**EXTRACTED MATERIAL:**
<<<<
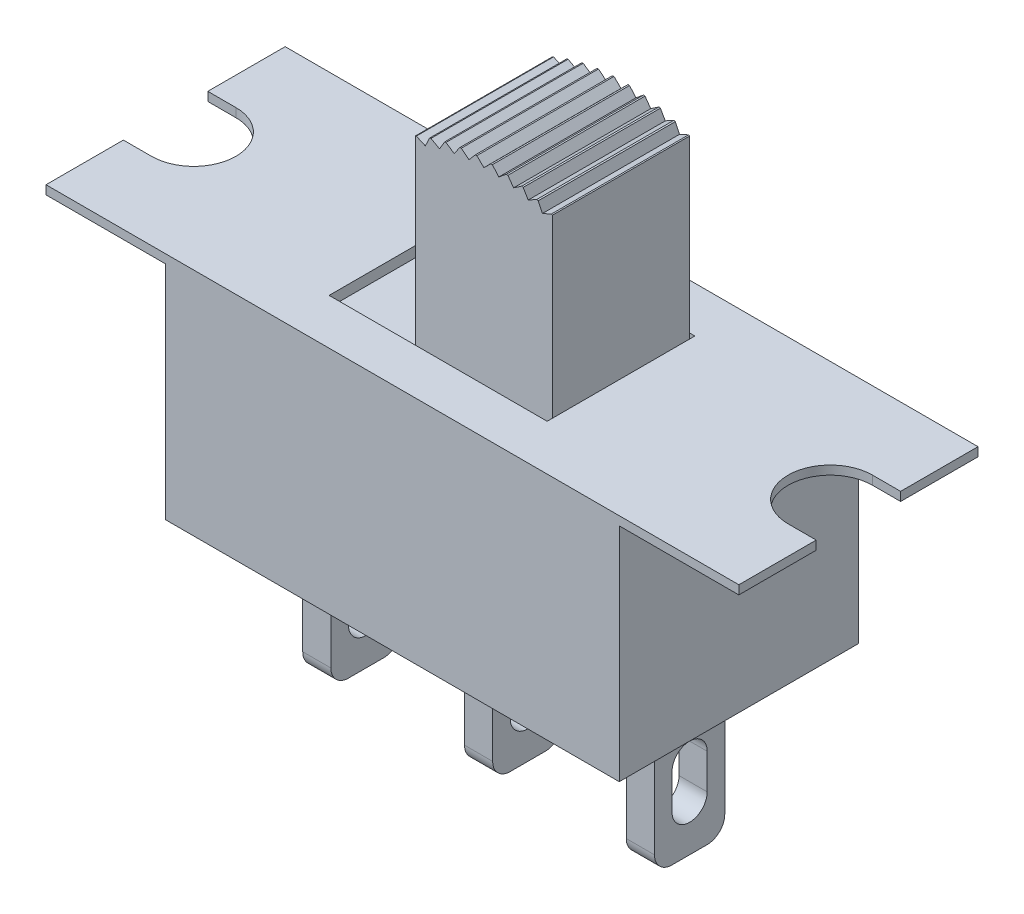
SolidWorks part; units mm, degrees
ref_plane "Plan de face" through (0, 0, 0) normal (0, 0, 1) x (1, 0, 0)
ref_plane "Plan de dessus" through (0, 0, 0) normal (0, 1, 0) x (1, 0, 0)
ref_plane "Plan de droite" through (0, 0, 0) normal (1, 0, 0) x (0, 0, -1)
sketch "Esquisse1" plane through (0, 0, 0) normal (0, 0, 1) x (1, 0, 0)
  line L1 (-6.45, 3.275) -> (6.45, 3.275)
  line L2 (-6.45, 3.025) -> (-6.45, -3.275)
  line L3 (-6.45, -3.275) -> (6.45, -3.275)
  line L4 (6.45, 3.025) -> (6.45, -3.275)
  line L5 (-6.45, 3.275) -> (6.45, -3.275) construction
  line L6 (-6.45, -3.275) -> (6.45, 3.275) construction
  line L7 (-6.45, 3.275) -> (-9.85, 3.275)
  line L9 (-6.45, 3.025) -> (-9.85, 3.025)
  line L10 (-9.85, 3.275) -> (-9.85, 3.025)
  line L11 (6.45, 3.275) -> (9.85, 3.275)
  line L13 (6.45, 3.025) -> (9.85, 3.025)
  line L14 (9.85, 3.275) -> (9.85, 3.025)
  point P0 (0, 0)
  dimension "D1" = 12.9
  dimension "D2" = 3.4
  dimension "D3" = 3.4
  dimension "D4" = 0.25
  dimension "D5" = 0.25
  dimension "D6" = 6.3
  dimension "D7" = 12.9
  dimension "D8" = 3.4
extrude "Boss.-Extru.1" add sketch "Esquisse1" along normal blind 3.4 and the other way blind 3.4
sketch "Esquisse3" plane through (0, 3.275, 0) normal (0, 1, 0) x (1, 0, 0)
  line L0 (0, 3.4) -> (0, -3.4) construction
  line L1 (9.85, 3.4) -> (-9.85, 3.4) construction
  line L2 (9.85, -3.4) -> (-9.85, -3.4) construction
  line L3 (-9.85, 0) -> (9.85, 0) construction
  line L4 (-9.85, 3.4) -> (-9.85, -3.4) construction
  line L5 (9.85, 3.4) -> (9.85, -3.4) construction
  line L6 (-9.85, 0) -> (-9.05, 0) construction
  line L7 (-9.85, 1.2) -> (-9.05, 1.2)
  line L8 (-9.85, -1.2) -> (-9.05, -1.2)
  line L9 (-9.85, 1.2) -> (-9.85, -1.2)
  line L10 (-9.85, 1.2) -> (-9.05, 1.2)
  line L11 (-9.85, -1.2) -> (-9.05, -1.2)
  line L12 (9.85, 0) -> (9.05, 0) construction
  line L13 (9.85, -1.2) -> (9.05, -1.2)
  line L14 (9.85, 1.2) -> (9.05, 1.2)
  line L15 (9.85, 1.2) -> (9.85, -1.2)
  line L16 (9.85, -1.2) -> (9.05, -1.2)
  line L17 (9.85, 1.2) -> (9.05, 1.2)
  arc A1 (-9.05, -1.2) -> (-9.05, 1.2) centre (-9.05, 0) ccw
  arc A2 (9.05, -1.2) -> (9.05, 1.2) centre (9.05, 0) cw
  point P12 (-9.05, -1.1937)
  point P18 (-9.85, -1.2)
  line M7 (-9.85, 3.4) -> (-9.85, -3.4)
  line M9 (9.85, -3.4) -> (9.85, 3.4)
  dimension "D1" = 1.2
  dimension "D2" = 0.8
extrude "Enlèv. mat.-Extru.1" cut sketch "Esquisse3" against normal blind 6.8 contours L8 A1 L7 M7 | A2 L13 L14 M9 region at (-8.9582, 3.275, 0) region at (8.9582, 3.275, 0)
sketch "Esquisse4" plane through (0, 3.275, 0) normal (0, 1, 0) x (1, 0, 0)
  line L1 (-3.1, 2.1) -> (3.1, 2.1)
  line L2 (-3.1, 2.1) -> (-3.1, -2.1)
  line L3 (-3.1, -2.1) -> (3.1, -2.1)
  line L4 (3.1, 2.1) -> (3.1, -2.1)
  line L5 (-3.1, 2.1) -> (3.1, -2.1) construction
  line L6 (-3.1, -2.1) -> (3.1, 2.1) construction
  point P0 (0, 0)
  point P5 (0, 0)
  dimension "D1" = 4.2
  dimension "D2" = 6.2
extrude "Enlèv. mat.-Extru.2" cut sketch "Esquisse4" against normal blind 0.3
sketch "Esquisse6" plane through (0, 0, 0) normal (0, 0, 1) x (1, 0, 0)
  line L0 (3.1, 2.975) -> (-3.1, 2.975) construction
  line L1 (-0.8, 2.975) -> (3.1, 2.975)
  line L2 (-0.8, 2.975) -> (-0.8, 8.275)
  line L4 (3.1, 2.975) -> (3.1, 8.275)
  line L5 (3.1, 2.975) -> (3.1, 3.275) construction
  line L6 (1.15, 8.4709) -> (1.15, 3.6709) construction
  line L7 (0.95, 8.6669) -> (1.15, 8.4709)
  line L8 (1.15, 8.4709) -> (1.35, 8.6669)
  line L9 (1.3923, 8.665) -> (1.5742, 8.4521)
  line L10 (1.5742, 8.4521) -> (1.7908, 8.6297)
  line L11 (1.8328, 8.6241) -> (1.9951, 8.3959)
  line L12 (1.9951, 8.3959) -> (2.2265, 8.5537)
  line L13 (2.2679, 8.5444) -> (2.4094, 8.3028)
  line L14 (2.4094, 8.3028) -> (2.6538, 8.4394)
  line L15 (2.6942, 8.4265) -> (2.8139, 8.1733)
  line L16 (2.8139, 8.1733) -> (3.0694, 8.2878)
  line L141 (-0.7694, 8.2878) -> (-0.5139, 8.1733)
  line L142 (-0.5139, 8.1733) -> (-0.3942, 8.4265)
  line L143 (-0.3538, 8.4394) -> (-0.1094, 8.3028)
  line L144 (-0.1094, 8.3028) -> (0.0321, 8.5444)
  line L145 (0.0735, 8.5537) -> (0.3049, 8.3959)
  line L146 (0.3049, 8.3959) -> (0.4672, 8.6241)
  line L147 (0.5092, 8.6297) -> (0.7258, 8.4521)
  line L148 (0.7258, 8.4521) -> (0.9077, 8.665)
  line L149 (-3.5926, 4.4113) -> (-3.7554, 4.6392) [skipped]
  line L150 (-3.747, 4.6807) -> (-3.5086, 4.8276) [skipped]
  line L151 (-3.5086, 4.8276) -> (-3.6506, 5.0689) [skipped]
  line L152 (-3.6386, 5.1095) -> (-3.3881, 5.2348) [skipped]
  line L153 (-3.3881, 5.2348) -> (-3.5082, 5.4877) [skipped]
  line L154 (-3.4927, 5.5271) -> (-3.2321, 5.6297) [skipped]
  line L155 (-3.2321, 5.6297) -> (-3.3295, 5.8923) [skipped]
  line L156 (-3.3105, 5.9302) -> (-3.0419, 6.0094) [skipped]
  line L157 (-3.0419, 6.0094) -> (-3.1156, 6.2795) [skipped]
  line L158 (-3.0933, 6.3156) -> (-2.8188, 6.3707) [skipped]
  line L159 (-2.8188, 6.3707) -> (-2.8684, 6.6463) [skipped]
  line L160 (-2.843, 6.6802) -> (-2.5647, 6.7109) [skipped]
  line L161 (-2.5647, 6.7109) -> (-2.5897, 6.9898) [skipped]
  line L162 (-2.5614, 7.0214) -> (-2.2814, 7.0273) [skipped]
  line L163 (-2.2814, 7.0273) -> (-2.2817, 7.3073) [skipped]
  line L164 (-1.5523, 7.8778) -> (-1.2806, 7.81) [skipped]
  line L165 (-1.6369, 7.579) -> (-1.5879, 7.8547) [skipped]
  line L166 (-1.9135, 7.6225) -> (-1.6369, 7.579) [skipped]
  line L167 (-1.9714, 7.3174) -> (-1.9469, 7.5964) [skipped]
  line L168 (-2.2508, 7.3363) -> (-1.9714, 7.3174) [skipped]
  line L169 (-3.8171, 4.2439) -> (-3.5926, 4.4113) [skipped]
  line L170 (-3.6394, 3.9893) -> (-3.8217, 4.2018) [skipped]
  line L171 (-3.8483, 3.8027) -> (-3.6394, 3.9893) [skipped]
  line L172 (-3.6488, 3.5647) -> (-3.8492, 3.7604) [skipped]
  line L173 (-3.8404, 3.3605) -> (-3.6488, 3.5647) [skipped]
  line L174 (-3.6207, 3.141) -> (-3.8375, 3.3182) [skipped]
  line L175 (-3.7934, 2.9206) -> (-3.6207, 3.141) [skipped]
  line L176 (-3.5552, 2.7215) -> (-3.7868, 2.8788) [skipped]
  line L177 (-3.4233, 1.6499) -> (-3.3145, 1.9079) [skipped]
  line L178 (-3.3145, 1.9079) -> (-3.5702, 2.0219) [skipped]
  line L179 (-3.5841, 2.062) -> (-3.4528, 2.3093) [skipped]
  line L180 (-3.4528, 2.3093) -> (-3.6975, 2.4455) [skipped]
  line L181 (-3.7077, 2.4867) -> (-3.5552, 2.7215) [skipped]
  line L182 (-2.9343, 1.1494) -> (-3.2062, 1.2166) [skipped]
  line L183 (-3.2268, 1.2536) -> (-3.1412, 1.5202) [skipped]
  line L184 (-2.996, 0.8762) -> (-2.9343, 1.1494) [skipped]
  line L185 (-2.6955, 0.7983) -> (-2.9722, 0.8412) [skipped]
  line L186 (-2.4392, 0.1899) -> (-2.4266, 0.4696) [skipped]
  line L187 (-2.1296, 0.1661) -> (-2.4096, 0.1596) [skipped]
  line L188 (-2.1175, -0.1137) -> (-2.1296, 0.1661) [skipped]
  line L189 (-1.807, -0.1101) -> (-2.0853, -0.1413) [skipped]
  line L190 (-1.7702, -0.3877) -> (-1.807, -0.1101) [skipped]
  line L191 (-1.4613, -0.3566) -> (-1.7357, -0.4123) [skipped]
  line L192 (-1.4001, -0.6299) -> (-1.4613, -0.3566) [skipped]
  line L193 (-1.0951, -0.5716) -> (-1.3636, -0.6513) [skipped]
  line L194 (-1.01, -0.8384) -> (-1.0951, -0.5716) [skipped]
  line L195 (-0.7114, -0.7535) -> (-0.9717, -0.8566) [skipped]
  line L196 (-0.603, -1.0117) -> (-0.7114, -0.7535) [skipped]
  line L197 (0.5147, -1.0868) -> (0.2905, -1.2546) [skipped]
  line L198 (0.687, -1.3076) -> (0.5147, -1.0868) [skipped]
  line L199 (0.9377, -1.1244) -> (0.7292, -1.3113) [skipped]
  line L200 (1.1288, -1.329) -> (0.9377, -1.1244) [skipped]
  line L201 (1.3623, -1.1244) -> (1.1712, -1.329) [skipped]
  line L202 (1.5708, -1.3113) -> (1.3623, -1.1244) [skipped]
  line L203 (1.7853, -1.0868) -> (1.613, -1.3076) [skipped]
  line L204 (2.0095, -1.2546) -> (1.7853, -1.0868) [skipped]
  line L205 (2.2033, -1.0121) -> (2.0512, -1.2472) [skipped]
  line L206 (2.4414, -1.1594) -> (2.2033, -1.0121) [skipped]
  line L207 (2.6131, -0.9007) -> (2.4823, -1.1483) [skipped]
  line L208 (2.8633, -1.0264) -> (2.6131, -0.9007) [skipped]
  line L209 (3.0114, -0.7535) -> (2.903, -1.0117) [skipped]
  line L210 (3.2717, -0.8566) -> (3.0114, -0.7535) [skipped]
  line L211 (3.3951, -0.5716) -> (3.31, -0.8384) [skipped]
  line L212 (3.6636, -0.6513) -> (3.3951, -0.5716) [skipped]
  line L213 (3.7613, -0.3566) -> (3.7001, -0.6299) [skipped]
  line L214 (4.0357, -0.4123) -> (3.7613, -0.3566) [skipped]
  line L215 (4.107, -0.1101) -> (4.0702, -0.3877) [skipped]
  line L216 (4.3853, -0.1413) -> (4.107, -0.1101) [skipped]
  line L217 (4.4296, 0.1661) -> (4.4175, -0.1137) [skipped]
  line L218 (-0.3131, -0.9007) -> (-0.5633, -1.0264) [skipped]
  line L219 (-0.1823, -1.1483) -> (-0.3131, -0.9007) [skipped]
  line L220 (0.0967, -1.0121) -> (-0.1414, -1.1594) [skipped]
  line L221 (0.2488, -1.2472) -> (0.0967, -1.0121) [skipped]
  line L222 (-3.1412, 1.5202) -> (-3.406, 1.6112) [skipped]
  line L223 (-2.7328, 0.5207) -> (-2.6955, 0.7983) [skipped]
  line L224 (-2.4266, 0.4696) -> (-2.706, 0.4879) [skipped]
  line L225 (4.7096, 0.1596) -> (4.4296, 0.1661) [skipped]
  line L226 (4.7266, 0.4696) -> (4.7392, 0.1899) [skipped]
  line L227 (5.006, 0.4879) -> (4.7266, 0.4696) [skipped]
  line L228 (4.9955, 0.7983) -> (5.0328, 0.5207) [skipped]
  line L229 (5.2722, 0.8412) -> (4.9955, 0.7983) [skipped]
  line L230 (5.2343, 1.1494) -> (5.296, 0.8762) [skipped]
  line L231 (5.5062, 1.2166) -> (5.2343, 1.1494) [skipped]
  line L232 (5.4412, 1.5202) -> (5.5268, 1.2536) [skipped]
  line L233 (5.706, 1.6112) -> (5.4412, 1.5202) [skipped]
  line L234 (5.6145, 1.9079) -> (5.7233, 1.6499) [skipped]
  line L235 (5.8702, 2.0219) -> (5.6145, 1.9079) [skipped]
  line L236 (5.7528, 2.3093) -> (5.8841, 2.062) [skipped]
  line L237 (5.9975, 2.4455) -> (5.7528, 2.3093) [skipped]
  line L238 (5.8552, 2.7215) -> (6.0077, 2.4867) [skipped]
  line L239 (6.0868, 2.8788) -> (5.8552, 2.7215) [skipped]
  line L240 (5.9207, 3.141) -> (6.0934, 2.9206) [skipped]
  line L241 (6.1375, 3.3182) -> (5.9207, 3.141) [skipped]
  line L242 (5.9488, 3.5647) -> (6.1404, 3.3605) [skipped]
  line L243 (6.1492, 3.7604) -> (5.9488, 3.5647) [skipped]
  line L244 (5.9394, 3.9893) -> (6.1483, 3.8027) [skipped]
  line L245 (6.1217, 4.2018) -> (5.9394, 3.9893) [skipped]
  line L246 (5.8082, 5.4877) -> (5.6881, 5.2348) [skipped]
  line L247 (5.5321, 5.6297) -> (5.7927, 5.5271) [skipped]
  line L248 (5.6295, 5.8923) -> (5.5321, 5.6297) [skipped]
  line L249 (5.6881, 5.2348) -> (5.9386, 5.1095) [skipped]
  line L250 (5.9506, 5.0689) -> (5.8086, 4.8276) [skipped]
  line L251 (5.8086, 4.8276) -> (6.047, 4.6807) [skipped]
  line L252 (6.0554, 4.6392) -> (5.8926, 4.4113) [skipped]
  line L253 (5.8926, 4.4113) -> (6.1171, 4.2439) [skipped]
  line L254 (5.3419, 6.0094) -> (5.6105, 5.9302) [skipped]
  line L255 (5.4156, 6.2795) -> (5.3419, 6.0094) [skipped]
  line L256 (5.1188, 6.3707) -> (5.3933, 6.3156) [skipped]
  line L257 (5.1684, 6.6463) -> (5.1188, 6.3707) [skipped]
  line L258 (4.8647, 6.7109) -> (5.143, 6.6802) [skipped]
  line L259 (4.8897, 6.9898) -> (4.8647, 6.7109) [skipped]
  line L260 (4.5814, 7.0273) -> (4.8614, 7.0214) [skipped]
  line L261 (4.5817, 7.3073) -> (4.5814, 7.0273) [skipped]
  line L262 (4.2714, 7.3174) -> (4.5508, 7.3363) [skipped]
  line L263 (4.2469, 7.5964) -> (4.2714, 7.3174) [skipped]
  line L264 (3.9369, 7.579) -> (4.2135, 7.6225) [skipped]
  line L265 (3.8879, 7.8547) -> (3.9369, 7.579) [skipped]
  line L266 (3.5806, 7.81) -> (3.8523, 7.8778) [skipped]
  line L267 (3.5074, 8.0803) -> (3.5806, 7.81) [skipped]
  line L268 (3.2053, 8.0087) -> (3.4699, 8.1001) [skipped]
  line L269 (3.1084, 8.2714) -> (3.2053, 8.0087) [skipped]
  line L270 (-0.9053, 8.0087) -> (-0.8084, 8.2714) [skipped]
  line L271 (-1.1699, 8.1001) -> (-0.9053, 8.0087) [skipped]
  line L272 (-1.2806, 7.81) -> (-1.2074, 8.0803) [skipped]
  arc A0 (-0.8, 8.275) -> (-0.7694, 8.2878) centre (1.15, 3.6709) cw
  arc A1 (1.35, 8.6669) -> (1.3923, 8.665) centre (1.15, 3.6709) cw
  arc A2 (3.0694, 8.2878) -> (3.1, 8.275) centre (1.15, 3.6709) cw
  arc A3 (2.6538, 8.4394) -> (2.6942, 8.4265) centre (1.15, 3.6709) cw
  arc A4 (2.2265, 8.5537) -> (2.2679, 8.5444) centre (1.15, 3.6709) cw
  arc A5 (1.7908, 8.6297) -> (1.8328, 8.6241) centre (1.15, 3.6709) cw
  arc A6 (0.9077, 8.665) -> (0.95, 8.6669) centre (1.15, 3.6709) cw
  arc A7 (0.4672, 8.6241) -> (0.5092, 8.6297) centre (1.15, 3.6709) cw
  arc A8 (0.0321, 8.5444) -> (0.0735, 8.5537) centre (1.15, 3.6709) cw
  arc A9 (-0.3942, 8.4265) -> (-0.3538, 8.4394) centre (1.15, 3.6709) cw
  point P225 (1.15, 3.6709)
  dimension "D4" = 5
  dimension "D1" = 5.3
  dimension "D2" = 3.9
  dimension "D3" = 5.3
  dimension "D5" = 4.8
  dimension "D6" = 0.4
  dimension "D7" = 0.2
  dimension "D8" = 0.2
  dimension "D9" = 71
extrude "Boss.-Extru.2" add sketch "Esquisse6" along normal blind 1.95 and the other way blind 1.95
sketch "Esquisse7" plane through (0, -3.275, 0) normal (0, -1, 0) x (1, 0, 0)
  line L0 (-6.45, -3.4) -> (-6.45, 3.4) construction
  line L1 (-4.95, 1) -> (-4.15, 1)
  line L2 (-4.95, 1) -> (-4.95, -1)
  line L3 (-4.95, -1) -> (-4.15, -1)
  line L4 (-4.15, 1) -> (-4.15, -1)
  line L13 (-6.45, 0) -> (6.45, 0) construction
  line L14 (-6.45, -3.4) -> (-6.45, 3.4) construction
  line L15 (6.45, -3.4) -> (6.45, 3.4) construction
  line L16 (-0.35, 1) -> (-0.35, -1)
  line L17 (-0.35, 1) -> (0.45, 1)
  line L18 (0.45, 1) -> (0.45, -1)
  line L19 (-0.35, -1) -> (0.45, -1)
  line L20 (4.25, 1) -> (4.25, -1)
  line L21 (4.25, 1) -> (5.05, 1)
  line L22 (5.05, 1) -> (5.05, -1)
  line L23 (4.25, -1) -> (5.05, -1)
  point P12 (-4.95, 0)
  dimension "D1" = 0.8
  dimension "D2" = 2
  dimension "D3" = 1.5
  dimension "D4" = 3
extrude "Boss.-Extru.3" add sketch "Esquisse7" along normal blind 4.2
fillet "Congé1" radius 0.5 6 edges at (-4.55, -7.475, -1) (0.05, -7.475, -1) (4.65, -7.475, -1) (0.05, -7.475, 1) (4.65, -7.475, 1) (-4.55, -7.475, 1)
sketch "Esquisse8" plane through (5.05, 0, 0) normal (1, 0, 0) x (0, 0, -1)
  line L0 (0, -5.175) -> (0, -6.175) construction
  line L1 (0.5, -5.175) -> (0.5, -6.175)
  line L2 (-0.5, -5.175) -> (-0.5, -6.175)
  line L3 (0.5, -7.475) -> (-0.5, -7.475) construction
  arc A0 (0.5, -5.175) -> (-0.5, -5.175) centre (0, -5.175) ccw
  arc A1 (-0.5, -6.175) -> (0.5, -6.175) centre (0, -6.175) ccw
  point P3 (0, -5.675)
  dimension "D1" = 1
  dimension "D2" = 1
  dimension "D3" = 1.3
extrude "Enlèv. mat.-Extru.3" cut sketch "Esquisse8" against normal blind 10.2
>>>>
**EXERCISE:** Within the material above, copy exactly the lines from the line that holds "line L7 (-9.85, 1.2) -> (-9.05, 1.2)" up to and including the line that holds "line L14 (2.4094, 8.3028)".

**SOLUTION FOR THIS TASK:**
  line L7 (-9.85, 1.2) -> (-9.05, 1.2)
  line L8 (-9.85, -1.2) -> (-9.05, -1.2)
  line L9 (-9.85, 1.2) -> (-9.85, -1.2)
  line L10 (-9.85, 1.2) -> (-9.05, 1.2)
  line L11 (-9.85, -1.2) -> (-9.05, -1.2)
  line L12 (9.85, 0) -> (9.05, 0) construction
  line L13 (9.85, -1.2) -> (9.05, -1.2)
  line L14 (9.85, 1.2) -> (9.05, 1.2)
  line L15 (9.85, 1.2) -> (9.85, -1.2)
  line L16 (9.85, -1.2) -> (9.05, -1.2)
  line L17 (9.85, 1.2) -> (9.05, 1.2)
  arc A1 (-9.05, -1.2) -> (-9.05, 1.2) centre (-9.05, 0) ccw
  arc A2 (9.05, -1.2) -> (9.05, 1.2) centre (9.05, 0) cw
  point P12 (-9.05, -1.1937)
  point P18 (-9.85, -1.2)
  line M7 (-9.85, 3.4) -> (-9.85, -3.4)
  line M9 (9.85, -3.4) -> (9.85, 3.4)
  dimension "D1" = 1.2
  dimension "D2" = 0.8
extrude "Enlèv. mat.-Extru.1" cut sketch "Esquisse3" against normal blind 6.8 contours L8 A1 L7 M7 | A2 L13 L14 M9 region at (-8.9582, 3.275, 0) region at (8.9582, 3.275, 0)
sketch "Esquisse4" plane through (0, 3.275, 0) normal (0, 1, 0) x (1, 0, 0)
  line L1 (-3.1, 2.1) -> (3.1, 2.1)
  line L2 (-3.1, 2.1) -> (-3.1, -2.1)
  line L3 (-3.1, -2.1) -> (3.1, -2.1)
  line L4 (3.1, 2.1) -> (3.1, -2.1)
  line L5 (-3.1, 2.1) -> (3.1, -2.1) construction
  line L6 (-3.1, -2.1) -> (3.1, 2.1) construction
  point P0 (0, 0)
  point P5 (0, 0)
  dimension "D1" = 4.2
  dimension "D2" = 6.2
extrude "Enlèv. mat.-Extru.2" cut sketch "Esquisse4" against normal blind 0.3
sketch "Esquisse6" plane through (0, 0, 0) normal (0, 0, 1) x (1, 0, 0)
  line L0 (3.1, 2.975) -> (-3.1, 2.975) construction
  line L1 (-0.8, 2.975) -> (3.1, 2.975)
  line L2 (-0.8, 2.975) -> (-0.8, 8.275)
  line L4 (3.1, 2.975) -> (3.1, 8.275)
  line L5 (3.1, 2.975) -> (3.1, 3.275) construction
  line L6 (1.15, 8.4709) -> (1.15, 3.6709) construction
  line L7 (0.95, 8.6669) -> (1.15, 8.4709)
  line L8 (1.15, 8.4709) -> (1.35, 8.6669)
  line L9 (1.3923, 8.665) -> (1.5742, 8.4521)
  line L10 (1.5742, 8.4521) -> (1.7908, 8.6297)
  line L11 (1.8328, 8.6241) -> (1.9951, 8.3959)
  line L12 (1.9951, 8.3959) -> (2.2265, 8.5537)
  line L13 (2.2679, 8.5444) -> (2.4094, 8.3028)
  line L14 (2.4094, 8.3028) -> (2.6538, 8.4394)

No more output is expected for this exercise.